Return all of the data verbatim, dropping any picture.
Top of Extracted entries
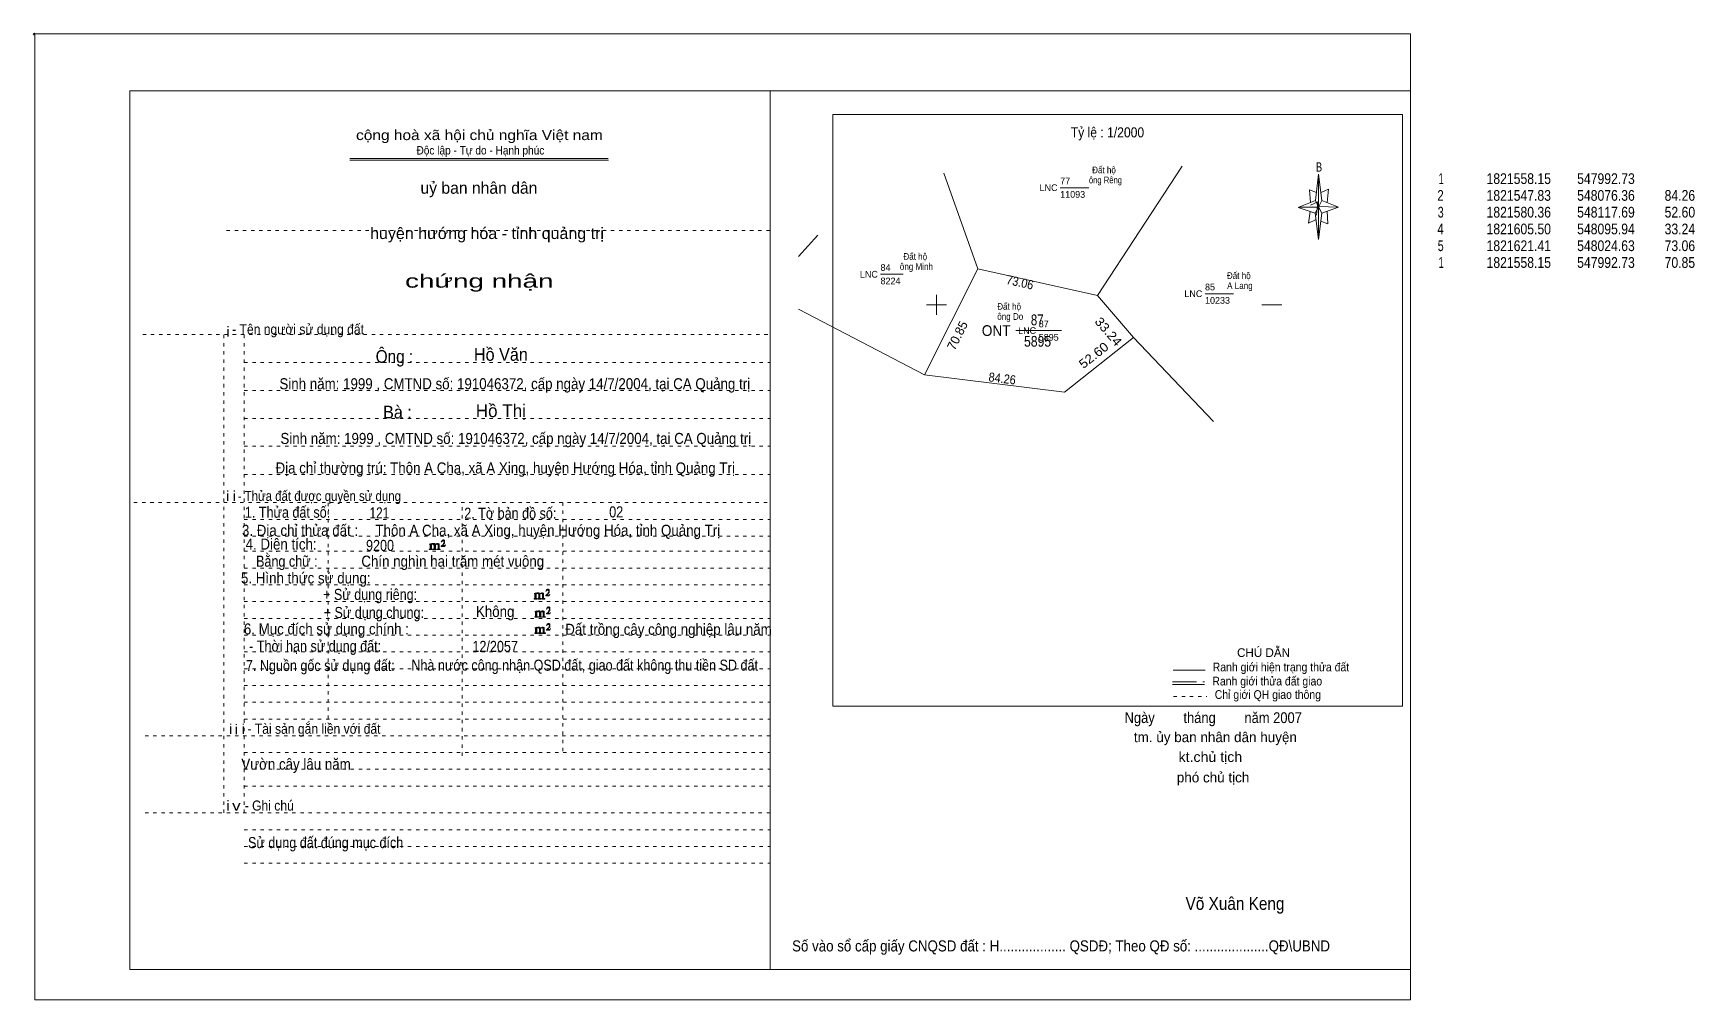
# Model space of a CAD drawing. Header units: centimetres. Extents: x -1.6 to 48, y -3.3 to 25.5.
import ezdxf
from ezdxf.enums import TextEntityAlignment as Align

# ---------------------------------------------------------------- set-up
doc = ezdxf.new("R2010")
doc.units = ezdxf.units.CM
doc.header["$LTSCALE"] = 0.12
doc.linetypes.add('DOTTED', pattern=[1.5, 0.3, -1.2])
doc.linetypes.add('LONG_DASHED', pattern=[7.5, 6, -1.5])
for name, color, linetype, lineweight in [('1', 7, 'DOTTED', 13), ('22', 7, 'Continuous', 13), ('33', 7, 'LONG_DASHED', 13), ('4', 7, 'Continuous', 13), ('5', 7, 'Continuous', 13), ('50', 7, 'Continuous', 13), ('52', 7, 'Continuous', 13), ('53', 7, 'Continuous', 13)]:
    doc.layers.add(name, color=color, linetype=linetype, lineweight=lineweight)
for name, color, linetype in [('10', 7, 'Continuous'), ('23', 7, 'Continuous'), ('30', 7, 'Continuous')]:
    doc.layers.add(name, color=color, linetype=linetype)

msp = doc.modelspace()

# ---------------------------------------------------------------- hatches: boundary and pattern name
at = {"layer": '50'}
for points in [[(10.27, 10.13), (10.27, 10.12), (10.27, 10.11), (10.25, 10.11), (10.24, 10.11), (10.24, 10.1), (10.33, 10.1), (10.33, 10.11), (10.32, 10.11), (10.31, 10.11), (10.31, 10.12), (10.31, 10.13), (10.31, 10.24), (10.31, 10.25), (10.32, 10.26), (10.34, 10.26), (10.35, 10.26), (10.36, 10.26), (10.37, 10.25), (10.39, 10.22), (10.39, 10.13), (10.37, 10.12), (10.37, 10.11), (10.36, 10.11), (10.35, 10.11), (10.35, 10.1), (10.44, 10.1), (10.44, 10.11), (10.43, 10.11), (10.42, 10.11), (10.42, 10.12), (10.42, 10.13), (10.42, 10.24), (10.44, 10.26), (10.45, 10.26), (10.46, 10.26), (10.49, 10.26), (10.49, 10.25), (10.5, 10.24), (10.5, 10.22), (10.5, 10.13), (10.5, 10.12), (10.49, 10.11), (10.49, 10.11), (10.47, 10.11), (10.47, 10.1), (10.56, 10.1), (10.56, 10.11), (10.55, 10.11), (10.54, 10.11), (10.53, 10.12), (10.53, 10.13), (10.53, 10.2), (10.53, 10.25), (10.53, 10.26), (10.52, 10.27), (10.5, 10.28), (10.47, 10.28), (10.46, 10.28), (10.44, 10.27), (10.41, 10.25), (10.41, 10.26), (10.4, 10.28), (10.39, 10.28), (10.37, 10.28), (10.35, 10.28), (10.34, 10.28), (10.32, 10.26), (10.31, 10.26), (10.31, 10.25), (10.31, 10.25), (10.31, 10.26), (10.31, 10.28), (10.24, 10.26), (10.24, 10.26), (10.25, 10.26), (10.27, 10.25), (10.27, 10.24), (10.27, 10.23)], [(10.69, 10.19), (10.72, 10.24), (10.72, 10.24), (10.71, 10.22), (10.69, 10.22), (10.68, 10.22), (10.63, 10.22), (10.66, 10.26), (10.67, 10.27), (10.69, 10.28), (10.69, 10.3), (10.69, 10.32), (10.69, 10.34), (10.69, 10.35), (10.69, 10.37), (10.68, 10.38), (10.67, 10.38), (10.66, 10.39), (10.65, 10.39), (10.63, 10.38), (10.63, 10.38), (10.62, 10.37), (10.61, 10.35), (10.59, 10.33), (10.61, 10.33), (10.61, 10.35), (10.62, 10.35), (10.63, 10.36), (10.65, 10.36), (10.66, 10.36), (10.67, 10.35), (10.68, 10.35), (10.68, 10.32), (10.68, 10.3), (10.66, 10.28), (10.66, 10.26), (10.65, 10.25), (10.59, 10.2), (10.59, 10.19)], [(13.39, 8.66), (13.39, 8.65), (13.39, 8.64), (13.38, 8.64), (13.37, 8.64), (13.37, 8.62), (13.45, 8.62), (13.45, 8.64), (13.44, 8.64), (13.43, 8.64), (13.43, 8.65), (13.43, 8.66), (13.43, 8.77), (13.43, 8.78), (13.44, 8.79), (13.47, 8.79), (13.48, 8.79), (13.49, 8.79), (13.5, 8.78), (13.51, 8.74), (13.51, 8.66), (13.5, 8.65), (13.5, 8.64), (13.49, 8.64), (13.48, 8.64), (13.48, 8.62), (13.57, 8.62), (13.57, 8.64), (13.55, 8.64), (13.54, 8.64), (13.54, 8.65), (13.54, 8.66), (13.54, 8.77), (13.57, 8.79), (13.58, 8.79), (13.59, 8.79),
Bottom of Extracted entries
▶ _Answer for the task_
# Model space of a CAD drawing. Header units: centimetres. Extents: x -1.6 to 48, y -3.3 to 25.5.
import ezdxf
from ezdxf.enums import TextEntityAlignment as Align

# ---------------------------------------------------------------- set-up
doc = ezdxf.new("R2010")
doc.units = ezdxf.units.CM
doc.header["$LTSCALE"] = 0.12
doc.linetypes.add('DOTTED', pattern=[1.5, 0.3, -1.2])
doc.linetypes.add('LONG_DASHED', pattern=[7.5, 6, -1.5])
for name, color, linetype, lineweight in [('1', 7, 'DOTTED', 13), ('22', 7, 'Continuous', 13), ('33', 7, 'LONG_DASHED', 13), ('4', 7, 'Continuous', 13), ('5', 7, 'Continuous', 13), ('50', 7, 'Continuous', 13), ('52', 7, 'Continuous', 13), ('53', 7, 'Continuous', 13)]:
    doc.layers.add(name, color=color, linetype=linetype, lineweight=lineweight)
for name, color, linetype in [('10', 7, 'Continuous'), ('23', 7, 'Continuous'), ('30', 7, 'Continuous')]:
    doc.layers.add(name, color=color, linetype=linetype)

msp = doc.modelspace()

# ---------------------------------------------------------------- hatches: boundary and pattern name
at = {"layer": '50'}
for points in [[(10.27, 10.13), (10.27, 10.12), (10.27, 10.11), (10.25, 10.11), (10.24, 10.11), (10.24, 10.1), (10.33, 10.1), (10.33, 10.11), (10.32, 10.11), (10.31, 10.11), (10.31, 10.12), (10.31, 10.13), (10.31, 10.24), (10.31, 10.25), (10.32, 10.26), (10.34, 10.26), (10.35, 10.26), (10.36, 10.26), (10.37, 10.25), (10.39, 10.22), (10.39, 10.13), (10.37, 10.12), (10.37, 10.11), (10.36, 10.11), (10.35, 10.11), (10.35, 10.1), (10.44, 10.1), (10.44, 10.11), (10.43, 10.11), (10.42, 10.11), (10.42, 10.12), (10.42, 10.13), (10.42, 10.24), (10.44, 10.26), (10.45, 10.26), (10.46, 10.26), (10.49, 10.26), (10.49, 10.25), (10.5, 10.24), (10.5, 10.22), (10.5, 10.13), (10.5, 10.12), (10.49, 10.11), (10.49, 10.11), (10.47, 10.11), (10.47, 10.1), (10.56, 10.1), (10.56, 10.11), (10.55, 10.11), (10.54, 10.11), (10.53, 10.12), (10.53, 10.13), (10.53, 10.2), (10.53, 10.25), (10.53, 10.26), (10.52, 10.27), (10.5, 10.28), (10.47, 10.28), (10.46, 10.28), (10.44, 10.27), (10.41, 10.25), (10.41, 10.26), (10.4, 10.28), (10.39, 10.28), (10.37, 10.28), (10.35, 10.28), (10.34, 10.28), (10.32, 10.26), (10.31, 10.26), (10.31, 10.25), (10.31, 10.25), (10.31, 10.26), (10.31, 10.28), (10.24, 10.26), (10.24, 10.26), (10.25, 10.26), (10.27, 10.25), (10.27, 10.24), (10.27, 10.23)], [(10.69, 10.19), (10.72, 10.24), (10.72, 10.24), (10.71, 10.22), (10.69, 10.22), (10.68, 10.22), (10.63, 10.22), (10.66, 10.26), (10.67, 10.27), (10.69, 10.28), (10.69, 10.3), (10.69, 10.32), (10.69, 10.34), (10.69, 10.35), (10.69, 10.37), (10.68, 10.38), (10.67, 10.38), (10.66, 10.39), (10.65, 10.39), (10.63, 10.38), (10.63, 10.38), (10.62, 10.37), (10.61, 10.35), (10.59, 10.33), (10.61, 10.33), (10.61, 10.35), (10.62, 10.35), (10.63, 10.36), (10.65, 10.36), (10.66, 10.36), (10.67, 10.35), (10.68, 10.35), (10.68, 10.32), (10.68, 10.3), (10.66, 10.28), (10.66, 10.26), (10.65, 10.25), (10.59, 10.2), (10.59, 10.19)], [(13.39, 8.66), (13.39, 8.65), (13.39, 8.64), (13.38, 8.64), (13.37, 8.64), (13.37, 8.62), (13.45, 8.62), (13.45, 8.64), (13.44, 8.64), (13.43, 8.64), (13.43, 8.65), (13.43, 8.66), (13.43, 8.77), (13.43, 8.78), (13.44, 8.79), (13.47, 8.79), (13.48, 8.79), (13.49, 8.79), (13.5, 8.78), (13.51, 8.74), (13.51, 8.66), (13.5, 8.65), (13.5, 8.64), (13.49, 8.64), (13.48, 8.64), (13.48, 8.62), (13.57, 8.62), (13.57, 8.64), (13.55, 8.64), (13.54, 8.64), (13.54, 8.65), (13.54, 8.66), (13.54, 8.77), (13.57, 8.79), (13.58, 8.79), (13.59, 8.79),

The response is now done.